◆ **MATERIAL PROVIDED**:
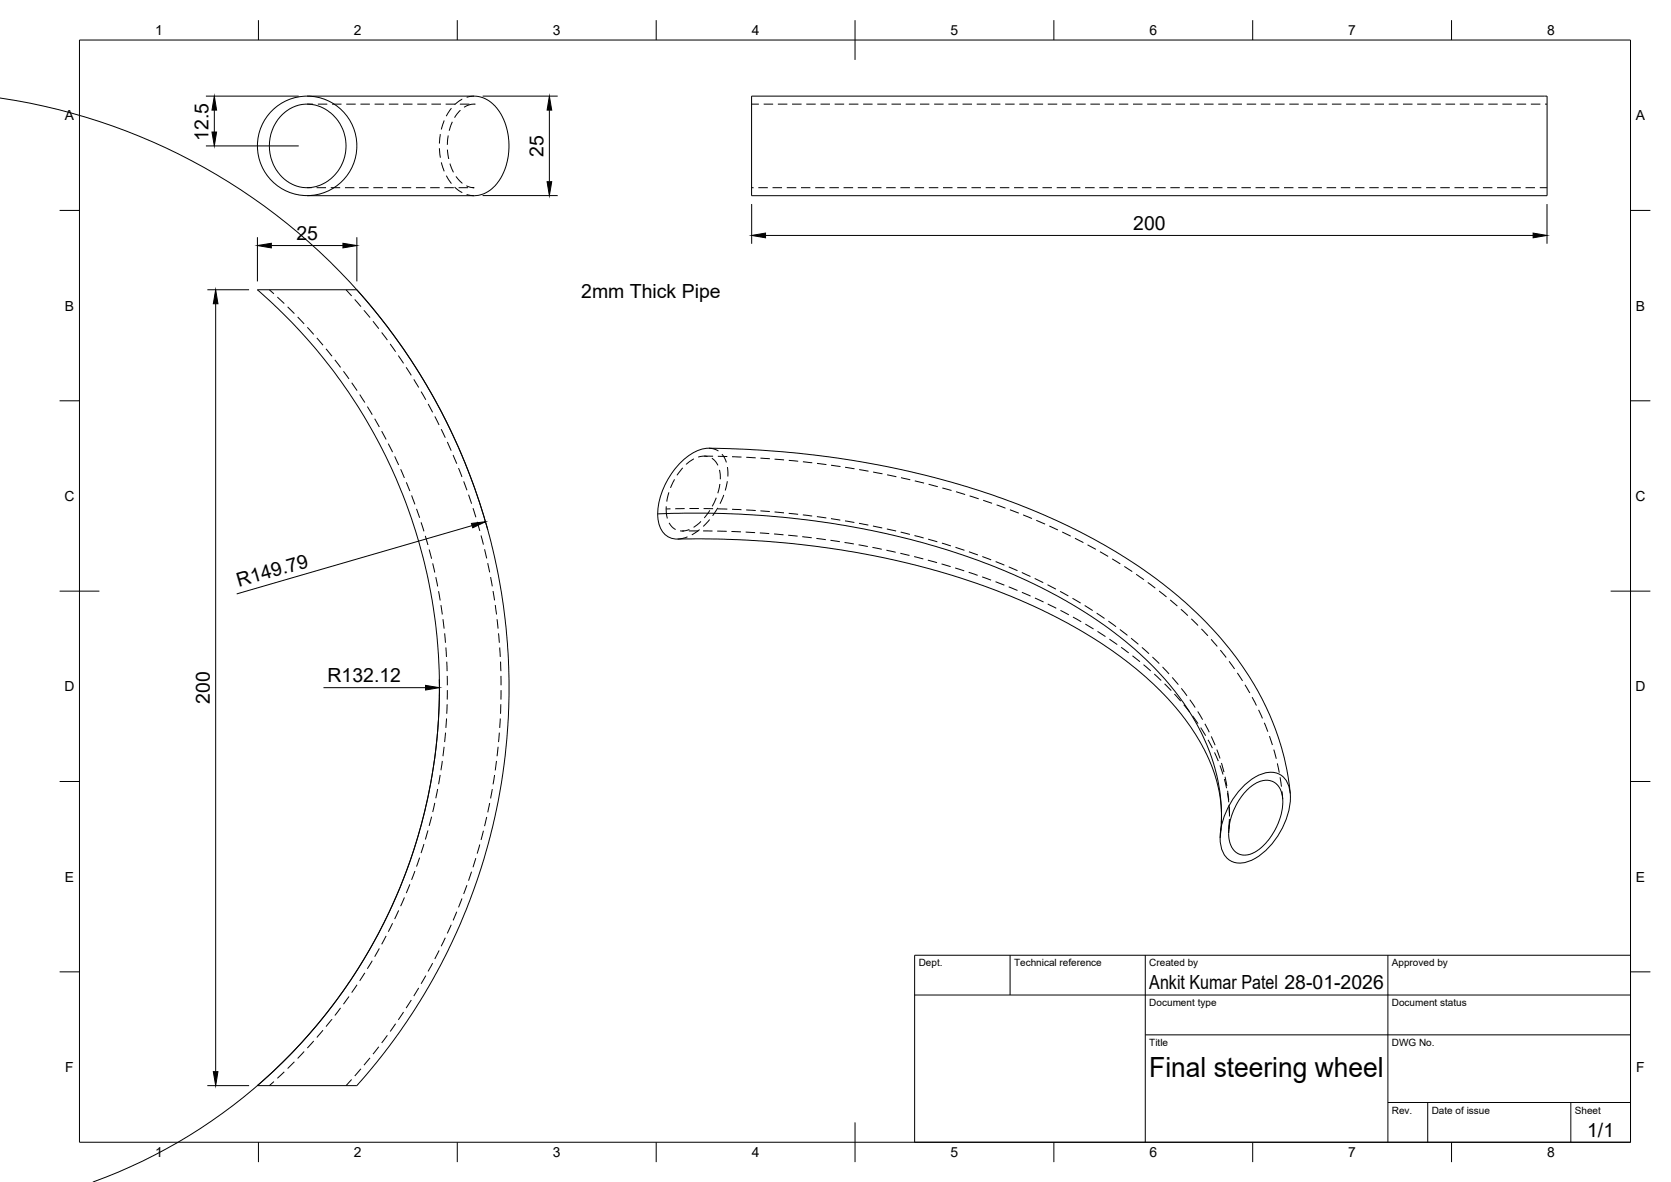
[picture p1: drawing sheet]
<svg xmlns="http://www.w3.org/2000/svg" width="420mm" height="297mm" viewBox="0 0 420 297" stroke-linecap="round" stroke-linejoin="round" font-family="sans-serif">
<!-- layer: Visible -->
<g fill="none" stroke="#000" stroke-width=".25">
<path d="M70.9 28.9a9.2 9.2 0 0 1 15 3l.9 2.8a10.3 10.3 0 0 1-10.5 12.4 10.5 10.5 0 0 1-8.1-13.6l.1-.5a10.9 10.9 0 0 1 2.6-4.1zM77.2 24.2h42.3l2 .4 1.6 .9a14.5 14.5 0 0 1 4.7 13.3l-.5 2.8-.7 1.7a8.6 8.6 0 0 1-6.7 5.8l-42.7 .1M189 24.2h200v25h-200zM64.7 72.8h25l4.5 5.2 3.1 4 4.6 6.3 2.8 4.3 3.5 5.9 2.9 5.2 4.1 8.5 4.1 10.3 2.9 9 2.6 10.7 1.8 10.2 1 9.3 .4 9.4-.2 9.4-1.1 12-1.4 8.4-2.4 10.8-3.1 9.9-4 10.3-4.7 10.1-4.6 8.2-4.2 6.5-4.4 6.2-3.2 4.1-5 5.8h-25l4-3.5a132.1 132.1 0 0 0-4-196.5zM170.4 135.5h11.5l11.5 .6 12.3 1.3 13.6 2.2 10.7 2.4 11.1 3.1 11.3 4 9.7 4.3 9 4.7 8.2 5.1 6.7 5.1 6.6 6.1 3 3.4 2.4 2.9 4 6.3 1.9 3.7 1.1 2.8 1 3.1 .7 3.3a31.6 31.6 0 0 1 .2 9.1M170.4 135.5a4.8 4.8 0 0 1-4.9-4.6 18.6 18.6 0 0 1 6.1-15.1 10.3 10.3 0 0 1 9.2-3.1l7.6 .3 8.6 .5 10.9 1.3 13.2 2.1 10.5 2.3 11.7 3.2 11.1 3.7 9.9 4.1 10.6 5.2 9.7 5.8 7.9 5.6 6.6 5.5 4.2 4.1 3 3.2 4.7 5.9 2.8 4 2.5 4.2 3.7 7.7 2.5 7.4a61.3 61.3 0 0 1 1.9 10.6M312.6 197.6a10.5 10.5 0 0 1 7.5-3.5 4.9 4.9 0 0 1 4.3 5 18.8 18.8 0 0 1-10 17.2 5 5 0 0 1-7.5-4.4 19 19 0 0 1 5.7-14.3zM313.5 198.6l1.7-1.4 1.9-.9a4.1 4.1 0 0 1 5.4 4v1.8l-.3 2.4-1.2 3.4-1.3 2.1-1.3 1.8-1.5 1.4-1.2 .8a4.1 4.1 0 0 1-4.3 .6 4.1 4.1 0 0 1-2.3-3.7l-.1-3 .7-2.9 1.3-3.1 1.1-1.7z"/>
<circle cx="77.2" cy="36.7" r="12.5"/>
</g>
<!-- layer: Hidden -->
<g fill="none" stroke="#000" stroke-width=".25">
<path d="M77.2 26.2h1.5M79.9 26.2h2.4M83.5 26.2h2.4M87.1 26.2h2.3M90.6 26.2h2.4M94.2 26.2h2.4M97.8 26.2h2.4M101.3 26.2h2.4M104.9 26.2h2.4M108.5 26.2h2.4M110.5 37.3l.2 2.3M110.7 33.7l-.2 2.4"/>
<path d="M111.7 30.3l-.7 2.2M112.1 26.2h2.3M112.5 37.6l.3 2.3M112.7 34l-.2 2.4M113.5 27.2l-1.3 2M113.7 30.6l-.8 2.3M115.6 26.2h2.4M115.8 27.7l-1.5 1.9M116.2 24.9l-1.9 1.4M119.2 26.2h.1M119.2 26.2l-1 .1-1.5 .7M119.2 24.2l-1.9 .3"/>
<path d="M189 26.2h1.8M192 26.2h2.4M195.6 26.2h2.4M199.2 26.2h2.3M202.7 26.2h2.4M206.3 26.2h2.4M209.9 26.2h2.4M213.4 26.2h2.4M217 26.2h2.4M220.6 26.2h2.4M224.2 26.2h2.3M227.7 26.2h2.4"/>
<path d="M231.3 26.2h2.4M234.9 26.2h2.4M238.5 26.2h2.3M242 26.2h2.4M245.6 26.2h2.4M249.2 26.2h2.3M252.8 26.2h2.3M256.3 26.2h2.4M259.9 26.2h2.4M263.5 26.2h2.3M267 26.2h2.4M270.6 26.2h2.4"/>
<path d="M274.2 26.2h2.4M277.7 26.2h2.4M281.3 26.2h2.4M284.9 26.2h2.4M288.5 26.2h2.4M292 26.2h2.4M295.6 26.2h2.4M299.2 26.2h2.4M302.7 26.2h2.4M306.3 26.2h2.4M309.9 26.2h2.4M313.5 26.2h2.3"/>
<path d="M317 26.2h2.4M320.6 26.2h2.4M324.2 26.2h2.4M327.8 26.2h2.3M331.3 26.2h2.4M334.9 26.2h2.4M338.5 26.2h2.4M342.1 26.2h2.3M345.6 26.2h2.4M349.2 26.2h2.4M352.8 26.2h2.4M356.3 26.2h2.4"/>
<path d="M359.9 26.2h2.4M363.5 26.2h2.4M367.1 26.2h2.3M370.6 26.2h2.4M374.2 26.2h2.4M377.8 26.2h2.4M381.3 26.2h2.4M384.9 26.2h2.4M388.5 26.2h.5M77.2 47.2h1.2M79.6 47.2h2.4M83.2 47.2h2.3"/>
<path d="M86.7 47.2h2.4M90.3 47.2h2.4M93.9 47.2h2.4M97.5 47.2h2.3M101 47.2h2.4M104.6 47.2h2.4M108.2 47.2h2.4M111 40.8l.7 2.3M111.7 47.2h2.4M112.2 44.1l1.3 2M113.1 41.1l.9 2.2M114.3 47l1.9 1.4"/>
<path d="M114.6 44.3l1.7 1.8M115.3 47.2h2.4M117.3 46.7l1 .4 .9 .1h-.3M117.3 48.9l1.9 .3M189 47.2h.5M190.7 47.2h2.4M194.2 47.2h2.4M197.8 47.2h2.4M201.4 47.2h2.4M205 47.2h2.3M208.5 47.2h2.4M212.1 47.2h2.4"/>
<path d="M215.7 47.2h2.4M219.3 47.2h2.3M222.8 47.2h2.4M226.4 47.2h2.4M230 47.2h2.3M233.6 47.2h2.3M237.1 47.2h2.4M240.7 47.2h2.4M244.3 47.2h2.4M247.8 47.2h2.4M251.4 47.2h2.4M255 47.2h2.4"/>
<path d="M258.6 47.2h2.3M262.1 47.2h2.4M265.7 47.2h2.4M269.3 47.2h2.4M272.8 47.2h2.4M276.4 47.2h2.4M280 47.2h2.4M283.5 47.2h2.4M287.1 47.2h2.4M290.7 47.2h2.4M294.3 47.2h2.4M297.9 47.2h2.3"/>
<path d="M301.4 47.2h2.4M305 47.2h2.4M308.6 47.2h2.3M312.1 47.2h2.4M315.7 47.2h2.4M319.3 47.2h2.4M322.9 47.2h2.3M326.4 47.2h2.4M330 47.2h2.4M333.6 47.2h2.4M337.1 47.2h2.4M340.7 47.2h2.4"/>
<path d="M344.3 47.2h2.4M347.9 47.2h2.3M351.4 47.2h2.4M355 47.2h2.4M358.6 47.2h2.4M362.1 47.2h2.4M365.7 47.2h2.4M369.3 47.2h2.4M372.9 47.2h2.3M376.4 47.2h2.4M380 47.2h2.4M383.6 47.2h2.4"/>
<path d="M387.2 47.2h1.8M67.7 72.8l1.2 1M69.7 74.7l1.8 1.6M72.3 77.1l1.7 1.7M74.8 79.7l1.7 1.7M87 72.8l1.4 1.6M89.2 75.3l1.6 1.8M91.5 78l1.5 1.8M77.3 82.3l1.6 1.7M79.7 84.9l1.5 1.8M82 87.7l1.5 1.8M84.2 90.5l1.4 1.8"/>
<path d="M86.4 93.3l1.4 1.9M88.4 96.2l1.4 2M90.4 99.2l1.3 2M93.8 80.7l1.4 1.9M96 83.6l1.4 1.9M98.1 86.4l1.4 2M100.2 89.4l1.3 1.9M102.1 92.3l1.3 2M104.1 95.3l1.2 2.1M105.9 98.4l1.2 2.1M92.4 102.2l1.2 2M94.2 105.2l1.2 2.1"/>
<path d="M96 108.3l1.1 2.1M97.6 111.5l1.1 2.1M99.2 114.7l1 2.1M100.7 117.9l1 2.2M107.7 101.5l1.1 2.1M109.3 104.7l1.1 2.1M110.9 107.9l1.1 2.1M112.5 111.1l1 2.1M113.9 114.3l1 2.2M115.3 117.6l.9 2.3M171.7 117.6l-1.5 1.9M174.5 115.3l-2 1.4"/>
<path d="M177.1 114.6h2.2M177.9 114.7l-1.1-.1-1.2 .3M178.2 112.6l1.2 .2 1.2 .6M179 115.2l.7 .5 .8 1.3M180.5 114.7h2.4M180.9 118.1l.2 2.3M181.5 114.1l.7 1 .4 1.1M182.9 117.4l.1 2.3M184.1 114.8l2.3 .1M187.6 114.9l2.4 .1M191.2 115.1l2.4 .2M194.8 115.4l2.3 .2"/>
<path d="M198.3 115.7l2.4 .2M201.9 116l2.3 .3M205.4 116.4l2.4 .4M209 116.9l2.3 .3M212.5 117.4l2.4 .4M216 118l2.4 .4M219.5 118.6l2.4 .5M223.1 119.3l2.3 .5M102.2 121.2l.9 2.2M103.5 124.5l.8 2.3M104.7 127.9l.8 2.2M105.9 131.3l.7 2.2"/>
<path d="M106.9 134.7l.7 2.3M107.9 138.1l.6 2.3M116.6 121l.8 2.2M117.8 124.3l.8 2.3M118.9 127.7l.8 2.3M120 131.1l.6 2.3M120.9 134.6l.7 2.3M121.8 138l.6 2.3M167.5 127.2v1.7l.3 1.4M168.2 123.7l-.6 2.4M168.3 131.4l.5 .9 1.1 .8M169.6 120.5l-1 2.1"/>
<path d="M171.6 133.4h.4M172.9 134.9l-2.5 .6M173.2 133.4h2.4M173.3 133.1l-.9 .3h-1.4M175.9 133.1l-2 1.3M176.3 131l-1.9 1.5M176.8 133.4h2.4M178.4 130.6l-1.6 1.7M178.5 128.3l-1.4 1.9M180.1 125.1l-1 2.1M180.3 133.5h2.4M180.5 127.6l-1.3 2"/>
<path d="M181 121.6l-.5 2.4M182 124.4l-1 2.2M182.9 120.9l-.5 2.4M183.9 133.6l2.4 .1M187.5 133.7l2.4 .1M191.1 133.9l2.3 .2M194.6 134.2l2.4 .2M198.2 134.5l2.4 .2M201.7 134.9l2.4 .3M205.3 135.3l2.3 .3M208.8 135.8l2.4 .3M212.3 136.3l2.4 .4"/>
<path d="M215.9 136.9l2.3 .4M219.4 137.6l2.3 .4M222.9 138.3l2.3 .5M226.4 139l2.3 .6M226.5 120l2.4 .6M229.8 139.9l2.4 .5M230 120.8l2.3 .6M233.5 121.7l2.3 .6M236.9 122.6l2.3 .7M240.4 123.6l2.3 .7M243.8 124.6l2.3 .8M247.2 125.7l2.2 .8"/>
<path d="M250.6 126.9l2.2 .8M253.9 128.1l2.3 .9M257.3 129.4l2.2 .9M260.6 130.8l2.2 .9M263.8 132.2l2.2 1M267.1 133.7l2.1 1M270.3 135.3l2.1 1.1M273.5 136.9l2 1.2M276.6 138.6l2 1.2M108.8 141.6l.5 2.3M109.6 145l.4 2.4M110.3 148.6l.4 2.3"/>
<path d="M110.9 152.1l.3 2.3M111.4 155.6l.3 2.4M111.8 159.2l.2 2.3M122.6 141.5l.5 2.3M123.4 145l.4 2.3M124 148.5l.4 2.4M124.5 152l.3 2.4M125 155.6l.2 2.4M125.3 159.2l.3 2.3M233.3 140.8l2.3 .6M236.7 141.7l2.3 .7M240.2 142.7l2.2 .8"/>
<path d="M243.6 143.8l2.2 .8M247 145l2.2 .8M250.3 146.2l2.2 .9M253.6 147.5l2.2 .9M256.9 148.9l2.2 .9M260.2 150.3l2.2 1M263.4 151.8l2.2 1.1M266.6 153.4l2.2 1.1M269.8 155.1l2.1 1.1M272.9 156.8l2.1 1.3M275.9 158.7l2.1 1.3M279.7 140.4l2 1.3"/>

◆ **EXERCISE**: Repeat, exactly as they stand above, the lines from the line with "115.7l2.4 .2M201.9 116l2.3" to the line with "152.1l.3 2.3M111.4 155.6l.3", both lines included.

◆ **EXPECTED ANSWER**:
<path d="M198.3 115.7l2.4 .2M201.9 116l2.3 .3M205.4 116.4l2.4 .4M209 116.9l2.3 .3M212.5 117.4l2.4 .4M216 118l2.4 .4M219.5 118.6l2.4 .5M223.1 119.3l2.3 .5M102.2 121.2l.9 2.2M103.5 124.5l.8 2.3M104.7 127.9l.8 2.2M105.9 131.3l.7 2.2"/>
<path d="M106.9 134.7l.7 2.3M107.9 138.1l.6 2.3M116.6 121l.8 2.2M117.8 124.3l.8 2.3M118.9 127.7l.8 2.3M120 131.1l.6 2.3M120.9 134.6l.7 2.3M121.8 138l.6 2.3M167.5 127.2v1.7l.3 1.4M168.2 123.7l-.6 2.4M168.3 131.4l.5 .9 1.1 .8M169.6 120.5l-1 2.1"/>
<path d="M171.6 133.4h.4M172.9 134.9l-2.5 .6M173.2 133.4h2.4M173.3 133.1l-.9 .3h-1.4M175.9 133.1l-2 1.3M176.3 131l-1.9 1.5M176.8 133.4h2.4M178.4 130.6l-1.6 1.7M178.5 128.3l-1.4 1.9M180.1 125.1l-1 2.1M180.3 133.5h2.4M180.5 127.6l-1.3 2"/>
<path d="M181 121.6l-.5 2.4M182 124.4l-1 2.2M182.9 120.9l-.5 2.4M183.9 133.6l2.4 .1M187.5 133.7l2.4 .1M191.1 133.9l2.3 .2M194.6 134.2l2.4 .2M198.2 134.5l2.4 .2M201.7 134.9l2.4 .3M205.3 135.3l2.3 .3M208.8 135.8l2.4 .3M212.3 136.3l2.4 .4"/>
<path d="M215.9 136.9l2.3 .4M219.4 137.6l2.3 .4M222.9 138.3l2.3 .5M226.4 139l2.3 .6M226.5 120l2.4 .6M229.8 139.9l2.4 .5M230 120.8l2.3 .6M233.5 121.7l2.3 .6M236.9 122.6l2.3 .7M240.4 123.6l2.3 .7M243.8 124.6l2.3 .8M247.2 125.7l2.2 .8"/>
<path d="M250.6 126.9l2.2 .8M253.9 128.1l2.3 .9M257.3 129.4l2.2 .9M260.6 130.8l2.2 .9M263.8 132.2l2.2 1M267.1 133.7l2.1 1M270.3 135.3l2.1 1.1M273.5 136.9l2 1.2M276.6 138.6l2 1.2M108.8 141.6l.5 2.3M109.6 145l.4 2.4M110.3 148.6l.4 2.3"/>
<path d="M110.9 152.1l.3 2.3M111.4 155.6l.3 2.4M111.8 159.2l.2 2.3M122.6 141.5l.5 2.3M123.4 145l.4 2.3M124 148.5l.4 2.4M124.5 152l.3 2.4M125 155.6l.2 2.4M125.3 159.2l.3 2.3M233.3 140.8l2.3 .6M236.7 141.7l2.3 .7M240.2 142.7l2.2 .8"/>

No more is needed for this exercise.